§ Dataset entries:
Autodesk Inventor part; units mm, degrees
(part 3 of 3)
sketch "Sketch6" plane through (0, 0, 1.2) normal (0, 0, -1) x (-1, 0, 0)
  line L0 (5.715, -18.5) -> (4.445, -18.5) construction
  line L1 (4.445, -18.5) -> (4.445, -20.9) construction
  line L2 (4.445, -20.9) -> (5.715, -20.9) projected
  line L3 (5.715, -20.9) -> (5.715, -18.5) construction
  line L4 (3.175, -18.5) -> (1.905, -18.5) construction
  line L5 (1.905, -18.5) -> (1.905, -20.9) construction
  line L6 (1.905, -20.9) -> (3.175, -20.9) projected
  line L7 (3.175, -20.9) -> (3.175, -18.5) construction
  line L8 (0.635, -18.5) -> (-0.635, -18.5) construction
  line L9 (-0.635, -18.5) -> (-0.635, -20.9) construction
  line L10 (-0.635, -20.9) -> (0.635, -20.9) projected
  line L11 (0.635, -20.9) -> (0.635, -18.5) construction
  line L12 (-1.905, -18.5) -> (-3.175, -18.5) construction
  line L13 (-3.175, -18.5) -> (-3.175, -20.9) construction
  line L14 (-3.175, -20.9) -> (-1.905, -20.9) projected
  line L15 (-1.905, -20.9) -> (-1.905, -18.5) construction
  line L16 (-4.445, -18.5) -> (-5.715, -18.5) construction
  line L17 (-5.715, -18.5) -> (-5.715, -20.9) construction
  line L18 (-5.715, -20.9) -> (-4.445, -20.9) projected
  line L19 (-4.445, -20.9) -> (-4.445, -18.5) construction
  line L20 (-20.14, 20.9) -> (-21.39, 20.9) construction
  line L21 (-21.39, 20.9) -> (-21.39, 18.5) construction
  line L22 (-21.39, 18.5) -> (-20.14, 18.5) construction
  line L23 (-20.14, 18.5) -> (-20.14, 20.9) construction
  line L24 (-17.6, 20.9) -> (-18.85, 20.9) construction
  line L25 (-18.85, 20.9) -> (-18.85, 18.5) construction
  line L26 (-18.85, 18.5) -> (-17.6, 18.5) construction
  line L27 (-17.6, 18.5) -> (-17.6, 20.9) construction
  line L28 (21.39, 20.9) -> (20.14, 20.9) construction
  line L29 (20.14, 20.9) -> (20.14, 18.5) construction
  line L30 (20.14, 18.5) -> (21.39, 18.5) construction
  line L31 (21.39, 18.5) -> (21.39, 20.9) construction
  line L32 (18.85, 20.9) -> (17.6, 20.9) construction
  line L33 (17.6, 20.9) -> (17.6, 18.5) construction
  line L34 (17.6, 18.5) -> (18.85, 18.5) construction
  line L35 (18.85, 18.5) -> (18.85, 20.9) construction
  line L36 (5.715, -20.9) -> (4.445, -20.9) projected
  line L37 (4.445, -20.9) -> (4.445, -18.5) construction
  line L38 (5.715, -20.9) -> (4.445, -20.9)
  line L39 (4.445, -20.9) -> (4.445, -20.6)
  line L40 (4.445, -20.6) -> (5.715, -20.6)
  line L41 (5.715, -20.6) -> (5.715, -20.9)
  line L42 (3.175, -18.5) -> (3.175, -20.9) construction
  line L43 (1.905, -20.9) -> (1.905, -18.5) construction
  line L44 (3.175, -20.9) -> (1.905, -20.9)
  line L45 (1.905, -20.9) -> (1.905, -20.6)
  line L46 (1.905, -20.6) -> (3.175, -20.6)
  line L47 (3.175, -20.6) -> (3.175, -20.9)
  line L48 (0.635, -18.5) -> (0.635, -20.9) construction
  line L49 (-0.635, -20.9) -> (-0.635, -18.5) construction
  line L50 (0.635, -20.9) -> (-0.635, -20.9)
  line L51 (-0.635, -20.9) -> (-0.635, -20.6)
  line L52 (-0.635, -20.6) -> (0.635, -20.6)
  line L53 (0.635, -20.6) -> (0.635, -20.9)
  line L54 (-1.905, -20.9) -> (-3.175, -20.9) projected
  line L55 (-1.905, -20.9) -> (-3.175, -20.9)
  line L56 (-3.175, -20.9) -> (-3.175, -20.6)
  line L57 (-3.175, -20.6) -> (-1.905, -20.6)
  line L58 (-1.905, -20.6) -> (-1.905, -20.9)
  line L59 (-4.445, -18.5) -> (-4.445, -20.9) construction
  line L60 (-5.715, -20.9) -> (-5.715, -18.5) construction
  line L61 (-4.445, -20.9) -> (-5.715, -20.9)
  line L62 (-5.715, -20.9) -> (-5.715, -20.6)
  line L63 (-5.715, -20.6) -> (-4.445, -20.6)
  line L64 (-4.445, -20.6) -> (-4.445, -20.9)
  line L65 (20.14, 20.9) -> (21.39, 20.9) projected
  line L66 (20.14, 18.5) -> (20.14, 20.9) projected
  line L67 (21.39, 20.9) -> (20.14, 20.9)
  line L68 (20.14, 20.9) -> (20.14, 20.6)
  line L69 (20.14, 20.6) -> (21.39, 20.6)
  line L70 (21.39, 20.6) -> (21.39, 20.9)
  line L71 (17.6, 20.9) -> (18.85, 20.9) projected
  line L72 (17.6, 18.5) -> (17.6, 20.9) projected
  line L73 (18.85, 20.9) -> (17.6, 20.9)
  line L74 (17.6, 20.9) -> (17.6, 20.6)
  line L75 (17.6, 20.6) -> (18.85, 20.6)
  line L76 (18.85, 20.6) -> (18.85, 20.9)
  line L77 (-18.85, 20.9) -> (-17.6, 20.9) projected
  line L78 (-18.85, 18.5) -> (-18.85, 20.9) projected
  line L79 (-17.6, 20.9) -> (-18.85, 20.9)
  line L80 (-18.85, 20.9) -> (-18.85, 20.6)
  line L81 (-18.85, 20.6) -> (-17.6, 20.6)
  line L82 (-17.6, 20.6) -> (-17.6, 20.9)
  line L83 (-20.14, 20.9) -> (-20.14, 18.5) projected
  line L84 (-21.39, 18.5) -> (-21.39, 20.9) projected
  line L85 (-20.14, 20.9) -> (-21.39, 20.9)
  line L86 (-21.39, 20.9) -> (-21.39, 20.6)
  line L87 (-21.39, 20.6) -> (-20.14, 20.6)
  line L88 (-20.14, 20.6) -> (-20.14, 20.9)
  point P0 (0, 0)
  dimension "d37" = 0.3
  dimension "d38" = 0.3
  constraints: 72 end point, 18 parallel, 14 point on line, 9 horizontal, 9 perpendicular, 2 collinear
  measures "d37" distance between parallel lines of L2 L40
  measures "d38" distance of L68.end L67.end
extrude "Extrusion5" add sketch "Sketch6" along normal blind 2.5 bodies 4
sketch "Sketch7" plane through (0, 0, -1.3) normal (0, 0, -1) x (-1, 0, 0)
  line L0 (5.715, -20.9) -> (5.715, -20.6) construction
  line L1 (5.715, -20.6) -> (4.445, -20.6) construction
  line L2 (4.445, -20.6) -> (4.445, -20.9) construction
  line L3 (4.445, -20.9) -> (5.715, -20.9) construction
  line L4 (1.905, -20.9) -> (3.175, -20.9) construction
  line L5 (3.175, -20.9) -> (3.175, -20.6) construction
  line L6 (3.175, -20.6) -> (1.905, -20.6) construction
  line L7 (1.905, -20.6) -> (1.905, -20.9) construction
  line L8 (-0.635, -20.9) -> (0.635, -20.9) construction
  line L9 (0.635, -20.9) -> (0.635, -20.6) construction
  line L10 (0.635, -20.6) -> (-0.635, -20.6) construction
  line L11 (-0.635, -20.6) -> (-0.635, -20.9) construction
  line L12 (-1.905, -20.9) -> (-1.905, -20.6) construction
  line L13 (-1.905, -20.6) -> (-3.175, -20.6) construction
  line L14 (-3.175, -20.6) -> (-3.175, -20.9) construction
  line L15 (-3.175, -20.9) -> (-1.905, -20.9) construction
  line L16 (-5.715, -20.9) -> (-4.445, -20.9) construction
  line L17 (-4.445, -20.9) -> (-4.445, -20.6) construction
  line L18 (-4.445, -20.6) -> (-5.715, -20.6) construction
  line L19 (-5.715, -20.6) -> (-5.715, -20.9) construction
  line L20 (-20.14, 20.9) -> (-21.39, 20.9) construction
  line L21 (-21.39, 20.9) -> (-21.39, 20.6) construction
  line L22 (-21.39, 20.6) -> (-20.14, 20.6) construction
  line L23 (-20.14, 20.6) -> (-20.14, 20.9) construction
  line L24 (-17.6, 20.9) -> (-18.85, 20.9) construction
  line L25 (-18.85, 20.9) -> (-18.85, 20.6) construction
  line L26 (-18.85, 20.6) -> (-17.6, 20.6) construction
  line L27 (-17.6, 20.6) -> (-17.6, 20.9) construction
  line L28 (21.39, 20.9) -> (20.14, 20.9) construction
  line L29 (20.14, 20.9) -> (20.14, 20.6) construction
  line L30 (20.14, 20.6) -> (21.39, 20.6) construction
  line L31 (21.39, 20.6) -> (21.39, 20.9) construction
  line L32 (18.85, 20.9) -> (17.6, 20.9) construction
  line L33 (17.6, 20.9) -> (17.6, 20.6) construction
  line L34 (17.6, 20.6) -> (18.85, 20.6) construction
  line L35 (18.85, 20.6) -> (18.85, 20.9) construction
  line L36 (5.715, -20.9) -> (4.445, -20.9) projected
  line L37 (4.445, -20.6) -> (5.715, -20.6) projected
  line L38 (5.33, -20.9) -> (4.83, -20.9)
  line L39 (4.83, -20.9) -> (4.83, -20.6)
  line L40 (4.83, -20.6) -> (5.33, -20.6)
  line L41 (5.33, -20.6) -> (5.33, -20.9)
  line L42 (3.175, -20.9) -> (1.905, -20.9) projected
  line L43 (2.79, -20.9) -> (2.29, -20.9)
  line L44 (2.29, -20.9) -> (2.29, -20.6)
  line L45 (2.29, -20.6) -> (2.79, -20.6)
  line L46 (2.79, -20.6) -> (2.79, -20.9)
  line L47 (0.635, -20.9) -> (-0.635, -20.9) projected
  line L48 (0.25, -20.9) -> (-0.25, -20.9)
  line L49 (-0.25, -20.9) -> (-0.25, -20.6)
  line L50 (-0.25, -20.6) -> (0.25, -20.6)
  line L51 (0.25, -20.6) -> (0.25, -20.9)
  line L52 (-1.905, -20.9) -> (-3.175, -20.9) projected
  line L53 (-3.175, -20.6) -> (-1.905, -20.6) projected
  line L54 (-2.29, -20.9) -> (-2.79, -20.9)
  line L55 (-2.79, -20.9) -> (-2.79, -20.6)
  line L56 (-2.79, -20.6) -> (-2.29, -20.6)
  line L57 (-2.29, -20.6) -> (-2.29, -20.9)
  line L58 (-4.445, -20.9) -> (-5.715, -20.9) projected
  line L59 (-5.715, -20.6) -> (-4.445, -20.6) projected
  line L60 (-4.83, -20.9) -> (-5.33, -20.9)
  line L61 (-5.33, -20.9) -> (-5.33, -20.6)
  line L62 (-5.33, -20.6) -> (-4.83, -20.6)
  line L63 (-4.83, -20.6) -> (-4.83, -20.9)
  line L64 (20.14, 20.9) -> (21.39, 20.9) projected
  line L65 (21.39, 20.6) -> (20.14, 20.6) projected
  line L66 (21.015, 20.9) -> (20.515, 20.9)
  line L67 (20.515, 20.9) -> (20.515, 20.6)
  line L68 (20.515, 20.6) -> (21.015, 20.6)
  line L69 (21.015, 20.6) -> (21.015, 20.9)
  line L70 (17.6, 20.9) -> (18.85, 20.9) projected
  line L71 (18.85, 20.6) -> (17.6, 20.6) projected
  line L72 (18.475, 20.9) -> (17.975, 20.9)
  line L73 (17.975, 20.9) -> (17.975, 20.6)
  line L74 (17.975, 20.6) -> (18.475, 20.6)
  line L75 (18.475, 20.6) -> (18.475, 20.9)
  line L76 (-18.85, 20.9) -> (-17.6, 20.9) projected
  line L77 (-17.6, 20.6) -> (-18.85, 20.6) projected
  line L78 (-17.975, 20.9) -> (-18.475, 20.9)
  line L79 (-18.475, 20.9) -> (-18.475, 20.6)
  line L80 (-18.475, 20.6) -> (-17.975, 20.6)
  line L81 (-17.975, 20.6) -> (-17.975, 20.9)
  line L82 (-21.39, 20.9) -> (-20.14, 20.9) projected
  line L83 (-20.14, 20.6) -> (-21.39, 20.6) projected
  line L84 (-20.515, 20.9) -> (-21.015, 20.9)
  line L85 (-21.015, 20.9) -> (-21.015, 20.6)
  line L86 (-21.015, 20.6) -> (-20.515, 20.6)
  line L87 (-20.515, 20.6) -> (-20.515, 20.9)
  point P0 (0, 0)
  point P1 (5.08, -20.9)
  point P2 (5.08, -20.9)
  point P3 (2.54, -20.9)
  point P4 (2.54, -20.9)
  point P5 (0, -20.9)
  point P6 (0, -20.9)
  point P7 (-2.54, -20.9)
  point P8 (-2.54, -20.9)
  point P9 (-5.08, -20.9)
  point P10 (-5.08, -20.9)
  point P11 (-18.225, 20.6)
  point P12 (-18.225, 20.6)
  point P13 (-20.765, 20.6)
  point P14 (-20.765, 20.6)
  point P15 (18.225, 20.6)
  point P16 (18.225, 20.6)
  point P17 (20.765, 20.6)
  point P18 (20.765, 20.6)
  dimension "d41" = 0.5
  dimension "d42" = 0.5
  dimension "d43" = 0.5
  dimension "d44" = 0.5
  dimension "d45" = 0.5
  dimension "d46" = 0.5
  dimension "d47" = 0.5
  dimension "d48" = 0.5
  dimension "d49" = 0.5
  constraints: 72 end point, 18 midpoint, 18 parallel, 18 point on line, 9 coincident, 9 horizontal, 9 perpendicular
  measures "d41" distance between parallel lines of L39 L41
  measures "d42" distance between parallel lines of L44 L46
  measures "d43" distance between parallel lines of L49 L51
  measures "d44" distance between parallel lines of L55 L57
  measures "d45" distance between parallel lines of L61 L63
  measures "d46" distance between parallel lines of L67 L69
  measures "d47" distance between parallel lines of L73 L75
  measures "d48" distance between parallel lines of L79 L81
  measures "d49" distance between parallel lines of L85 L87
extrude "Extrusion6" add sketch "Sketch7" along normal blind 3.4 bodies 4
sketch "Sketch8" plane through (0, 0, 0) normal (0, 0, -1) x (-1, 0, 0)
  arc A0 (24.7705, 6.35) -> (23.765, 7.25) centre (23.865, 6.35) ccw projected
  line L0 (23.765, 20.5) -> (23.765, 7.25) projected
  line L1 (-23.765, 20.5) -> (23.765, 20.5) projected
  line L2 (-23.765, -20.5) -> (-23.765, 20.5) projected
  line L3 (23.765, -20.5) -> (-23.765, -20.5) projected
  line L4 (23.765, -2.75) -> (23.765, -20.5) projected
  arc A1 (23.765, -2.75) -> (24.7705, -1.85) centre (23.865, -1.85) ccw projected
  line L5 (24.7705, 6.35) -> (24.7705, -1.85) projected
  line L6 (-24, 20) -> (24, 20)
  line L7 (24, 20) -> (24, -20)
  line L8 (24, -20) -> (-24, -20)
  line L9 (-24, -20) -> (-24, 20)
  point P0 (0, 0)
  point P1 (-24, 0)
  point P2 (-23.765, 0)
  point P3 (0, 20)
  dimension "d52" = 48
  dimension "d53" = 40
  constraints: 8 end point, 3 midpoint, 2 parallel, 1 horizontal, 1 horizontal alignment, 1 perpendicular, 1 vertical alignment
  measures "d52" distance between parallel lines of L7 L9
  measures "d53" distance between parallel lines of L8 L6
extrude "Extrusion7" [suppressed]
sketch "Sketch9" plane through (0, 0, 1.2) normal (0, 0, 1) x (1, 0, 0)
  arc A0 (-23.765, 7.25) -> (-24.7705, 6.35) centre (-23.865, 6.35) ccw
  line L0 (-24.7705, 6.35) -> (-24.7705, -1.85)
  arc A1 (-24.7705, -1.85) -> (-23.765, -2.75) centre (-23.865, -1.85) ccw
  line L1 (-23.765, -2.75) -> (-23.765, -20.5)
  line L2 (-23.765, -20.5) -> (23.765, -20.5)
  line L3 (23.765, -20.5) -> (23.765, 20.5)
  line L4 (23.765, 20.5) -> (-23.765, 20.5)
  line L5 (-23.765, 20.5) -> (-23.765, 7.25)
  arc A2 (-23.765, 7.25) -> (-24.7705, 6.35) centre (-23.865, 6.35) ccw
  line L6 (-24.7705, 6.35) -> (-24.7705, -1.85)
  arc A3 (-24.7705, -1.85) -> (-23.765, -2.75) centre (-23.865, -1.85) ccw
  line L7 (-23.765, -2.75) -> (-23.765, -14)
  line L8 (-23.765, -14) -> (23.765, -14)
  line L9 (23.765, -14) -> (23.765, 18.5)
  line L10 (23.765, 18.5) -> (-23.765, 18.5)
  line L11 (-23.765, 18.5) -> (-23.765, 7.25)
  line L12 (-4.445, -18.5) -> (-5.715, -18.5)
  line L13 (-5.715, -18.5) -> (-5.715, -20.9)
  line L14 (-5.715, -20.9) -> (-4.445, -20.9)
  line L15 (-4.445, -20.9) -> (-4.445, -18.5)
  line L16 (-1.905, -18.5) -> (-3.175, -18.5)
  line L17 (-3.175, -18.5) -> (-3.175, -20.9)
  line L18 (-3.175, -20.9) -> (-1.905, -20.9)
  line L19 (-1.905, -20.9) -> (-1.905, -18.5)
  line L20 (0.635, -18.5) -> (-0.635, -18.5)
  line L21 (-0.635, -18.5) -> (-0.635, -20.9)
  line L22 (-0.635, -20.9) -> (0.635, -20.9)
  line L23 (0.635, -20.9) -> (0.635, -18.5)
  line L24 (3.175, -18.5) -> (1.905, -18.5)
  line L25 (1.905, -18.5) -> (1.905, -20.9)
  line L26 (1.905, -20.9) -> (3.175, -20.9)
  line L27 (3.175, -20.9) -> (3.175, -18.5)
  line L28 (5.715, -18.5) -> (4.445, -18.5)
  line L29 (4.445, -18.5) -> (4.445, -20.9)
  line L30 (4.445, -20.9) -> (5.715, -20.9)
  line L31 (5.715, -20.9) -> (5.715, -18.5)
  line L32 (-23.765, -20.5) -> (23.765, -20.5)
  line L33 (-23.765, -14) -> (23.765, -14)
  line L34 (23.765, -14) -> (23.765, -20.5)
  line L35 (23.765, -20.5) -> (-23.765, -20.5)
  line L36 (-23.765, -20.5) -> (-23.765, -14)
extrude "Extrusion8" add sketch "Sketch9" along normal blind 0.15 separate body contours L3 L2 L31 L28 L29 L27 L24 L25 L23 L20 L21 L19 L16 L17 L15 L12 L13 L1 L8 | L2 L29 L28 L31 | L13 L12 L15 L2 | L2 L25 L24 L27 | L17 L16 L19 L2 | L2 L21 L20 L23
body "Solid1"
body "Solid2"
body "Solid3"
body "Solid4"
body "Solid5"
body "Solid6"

§ Task prompt:
Could you retype exactly the lines above from the one containing "line L34 (23.765, -14) -> (23.765, -20.5)" through the last line of the records, both included, and nothing else?

§ Solution below:
  line L34 (23.765, -14) -> (23.765, -20.5)
  line L35 (23.765, -20.5) -> (-23.765, -20.5)
  line L36 (-23.765, -20.5) -> (-23.765, -14)
extrude "Extrusion8" add sketch "Sketch9" along normal blind 0.15 separate body contours L3 L2 L31 L28 L29 L27 L24 L25 L23 L20 L21 L19 L16 L17 L15 L12 L13 L1 L8 | L2 L29 L28 L31 | L13 L12 L15 L2 | L2 L25 L24 L27 | L17 L16 L19 L2 | L2 L21 L20 L23
body "Solid1"
body "Solid2"
body "Solid3"
body "Solid4"
body "Solid5"
body "Solid6"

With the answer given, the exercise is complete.